I clearly don't understand what's going on with how people are altering and using TTGL's powers. Not even saying he loses; Idc. I was just genuinely curious as to what was going on, asking questions, and you people act like I pissed in your brunch.

You folks are way too uptight and hostile. What the hell? WTF is everyone so mad about on this website? Relax.

Reactions: Like 1 | Agree 3 | Dislike 1


----------



## Keollyn (Apr 24, 2016)

My comment was very satirical, just so you know.


----------



## Wolfgang Grimmer (Apr 24, 2016)

TTGL is not omnipotent, just a high level reality warper


----------



## Oomura Yoshitsugu (Apr 24, 2016)

Isn't time-skip/stop combined with a ki blast with universal range a viable way for HIT to win this? Top tier DB characters do seem to have the range for making universal explosions going from Goku vs Beerus.


----------



## NightmareCinema (Apr 24, 2016)

Oomura Yoshitsugu said:


> Isn't time-skip/stop combined with a ki blast with universal range a viable way for HIT to win this? Top tier DB characters do seem to have the range for making universal explosions going from Goku vs Beerus.



Considering TTGL can just sacrifice Lazangann and absorb that ki blast to make itself much more powerful, no, not really.


----------



## Oomura Yoshitsugu (Apr 24, 2016)

NightmareCinema said:


> Considering TTGL can just sacrifice Lazangann and absorb that ki blast to make itself much more powerful, no, not really.



He can do this within a time stop?


----------



## NightmareCinema (Apr 24, 2016)

Nope. But considering the fact that TTGL's faster anyway, Hit's not gonna get the chance to do so.


----------



## Montanz (Apr 24, 2016)

NightmareCinema said:


> Nope. But considering the fact that TTGL's faster anyway, Hit's not gonna get the chance to do so.



DBS characters are currently sitting in the l̶o̶w̶ ̶q̶u̶a̶d̶r̶i̶l̶l̶i̶o̶n̶s̶-̶l̶o̶w̶ ̶q̶u̶i̶n̶t̶i̶l̶l̶i̶o̶n̶s̶ now, by virtue of the DB universe being larger than our own and Whis' crossing at least twice that distance within 2 hours.

High trillions - Low quadrillions

Reactions: Agree 1 | Optimistic 1


----------



## Ultimate Deathsaurer (Apr 24, 2016)

Keollyn said:


> I probably can, I just haven't figured out how these powers work under the new forum.



For future reference just scroll over thread tools at the top of the page with your mouse cursor and uncheck the open box. Don't even have to push a button.

This software is absurdly easy to use.


----------



## BreakFlame (Apr 25, 2016)

ColumbianDrugLord said:


> I clearly don't understand what's going on with how people are altering and using TTGL's powers. Not even saying he loses; Idc. I was just genuinely curious as to what was going on, asking questions, and you people act like I pissed in your brunch.
> 
> You folks are way too uptight and hostile. What the hell? WTF is everyone so mad about on this website? Relax.

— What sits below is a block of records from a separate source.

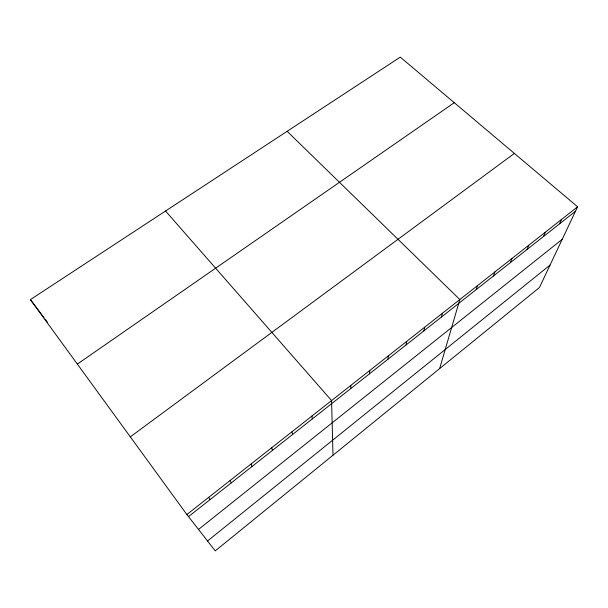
<?xml version="1.0" encoding="UTF-8"?>
<svg xmlns="http://www.w3.org/2000/svg" width="608" height="608" viewBox="0 0 608 608"><rect width="100%" height="100%" fill="white"/><g stroke="black" fill="none" stroke-linecap="round" stroke-linejoin="round"><path stroke-width="0.91" d="M350.725 388.611L350.839 385.396M369.474 373.821L369.77 370.485M387.912 359.267L388.39 355.817M406.045 344.956L406.699 341.4M423.89 330.881L424.703 327.218M441.438 317.034L442.411 313.264M439.622 368.608L459.838 299.539L287.136 131.305M476.208 289.598L477.5 285.631M493.43 276.009L494.866 271.951M510.37 262.641L511.951 258.491M527.037 249.493L528.762 245.252M543.446 236.55L545.3 232.218M559.588 223.805L561.579 219.397M577.6 206.781L539.44 287.523L215.247 550.878L186.884 514.535L30.4 299.615L400.284 57.122L577.6 206.781L186.884 514.535M207.533 540.998L550.05 265.073M198.52 529.446L562.233 239.301M188.503 516.618L575.48 211.265M130.317 436.848L514.376 153.421M77.345 364.086L454.275 102.691M165.543 211.014L331.573 400.566L332.994 455.225M30.4 299.615L44.072 317.764M45.152 319.2L47.318 322.073M208.681 497.367L210.056 499.609M230.082 480.51L231.222 482.904M251.104 463.957L252.016 466.496M271.753 447.686L272.445 450.376M292.045 431.703L292.524 434.538M311.98 416.001L312.261 418.965"/></g></svg>
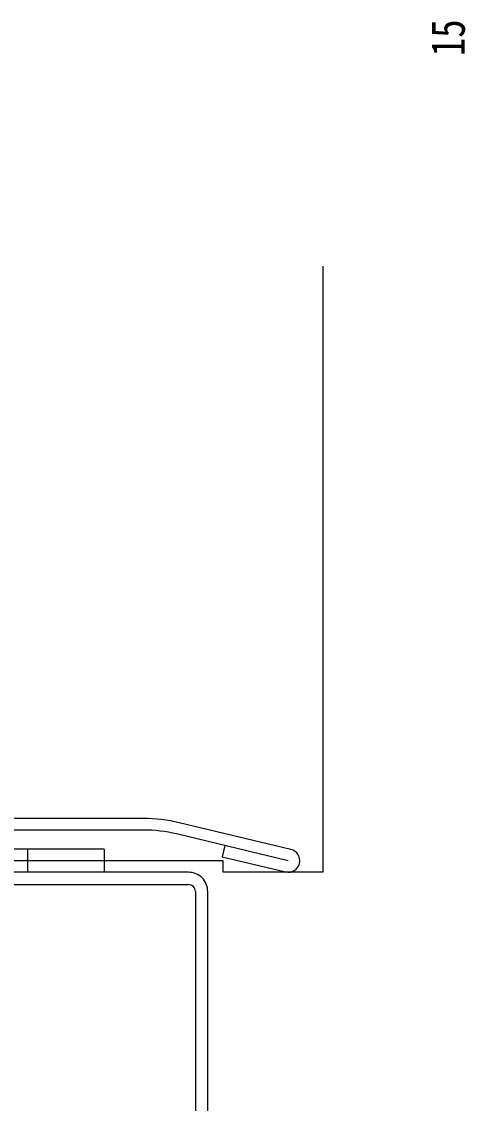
# Model space of a CAD drawing. Units: millimetres, scale not verified. Extents: x -1062 to 397, y -282 to 282.
# Drawn here: x -97 to -39.1, y -210.8 to -69.9 of the extents above; entities that cross this region are included whole.
import ezdxf
from ezdxf.enums import TextEntityAlignment as Align

# ---------------------------------------------------------------- set-up
doc = ezdxf.new("R2010")
doc.units = ezdxf.units.MM
doc.header["$LTSCALE"] = 2
for name, color, linetype in [('0-2_YKK_11', 7, 'Continuous'), ('0-3_YKK_12', 2, 'Continuous'), ('0-4_YKK_13', 4, 'Continuous'), ('0-6_YKK_D', 6, 'Continuous')]:
    doc.layers.add(name, color=color, linetype=linetype)
doc.styles.add('ＭＳ ゴシック', font='')
doc.styles.get('ＭＳ ゴシック').set_extended_font_data('MS Gothic')

msp = doc.modelspace()

# ---------------------------------------------------------------- linework, layer by layer
at = {"layer": '0-2_YKK_11'}
for p, q in [((-81.088, -173.7), (-126.223, -173.7)), ((-61.874, -177.741), (-76.424, -174.252)), ((-81.088, -175.2), (-126.223, -175.2)), ((-62.223, -179.2), (-76.773, -175.71)), ((-75.223, -180.7), (-108.223, -180.7)), ((-108.223, -182.3), (-75.223, -182.3)), ((-74.323, -183.2), (-74.323, -213.2)), ((-72.723, -213.2), (-72.723, -183.2))]:
    msp.add_line(p, q, dxfattribs=at)
msp.add_lwpolyline([(-70.489, -177.217), (-70.839, -178.676), (-62.573, -180.659)], dxfattribs=at)
for centre, radius, start, end in [((-81.088, -193.7), 20, 76.51261, 89.99998), ((-81.088, -193.7), 18.5, 76.51261, 89.99998), ((-62.223, -179.2), 1.5, 256.51263, 76.51261), ((-75.223, -183.2), 2.5, 359.99988, 89.99998), ((-75.223, -183.2), 0.9, 359.99893, 89.99903)]:
    msp.add_arc(centre, radius, start, end, dxfattribs=at)
at = {"layer": '0-3_YKK_12'}
for p, q in [((-57.723, -101.784), (-57.723, -180.7)), ((-70.723, -179.2), (-86.223, -179.2)), ((-70.723, -180.7), (-70.723, -179.2)), ((-57.723, -180.7), (-70.723, -180.7))]:
    msp.add_line(p, q, dxfattribs=at)
at = {"layer": '0-4_YKK_13'}
for p, q in [((-86.223, -177.7), (-116.223, -177.7)), ((-96.223, -177.7), (-96.223, -180.7)), ((-86.223, -177.7), (-86.223, -180.7)), ((-86.223, -179.2), (-116.223, -179.2)), ((-86.223, -180.7), (-116.223, -180.7))]:
    msp.add_line(p, q, dxfattribs=at)

# ---------------------------------------------------------------- texts
at = {"layer": '0-6_YKK_D', "style": 'ＭＳ ゴシック', "width": 0.8}
msp.add_text('15', height=4.399, rotation=90, dxfattribs=at).set_placement((-37.9, -74.441), align=Align.BOTTOM_LEFT)

doc.saveas('drawing.dxf')

This forum places no limits on the amount of satire, swearing, and general profanity one is allowed to point in another persons direction as long as it falls within the general framework of arguing about which characters kills the other character. This has lead to a downward spiral of continuously escalating self-destruction which has reduced the forum from arguing through the use of calcs and relatively in depth discussions on the nature of a characters abilities to going to whoever makes the other side rage-quit faster.

See Also, the Greater Internet Fuckwad Theory.

Reactions: Winner 1 | Informative 2


----------



## King Diablo (Apr 25, 2016)

Current hit got upgraded in the newest episode.


----------



## Galo de Lion (Apr 25, 2016)

The IBBS's mass energy was quintillions of times greater than the universe. Which TTGL absorbed. So...


----------



## Blocky (Apr 25, 2016)

Man, the wank for hit is real

Poor hit get's his ass drilled


----------



## Iwandesu (Apr 25, 2016)

i actually think antispirals were bending Both time and space so i doubt hit can really time skip throught them
it may be misremembering,Tho
friendly reminder tha Goku is only possibly universal because The clash with beerus was calced as above Mass Energy of The universe
TTGl is absolutely no solding a mere Mass Energy of The universe attack and sending it Back with like what ? Double digit e+ of difference ?


----------



## Montanz (Apr 25, 2016)

TTGL said:


> The IBBS's mass energy was quintillions of times greater than the universe. Which TTGL absorbed. So...



Blowing up the DBS universe with an omnidirectional explosion results in greater amounts of energy, but calculating High Multi-Galaxy to Universe level feats has never been the standard here from what I can gather.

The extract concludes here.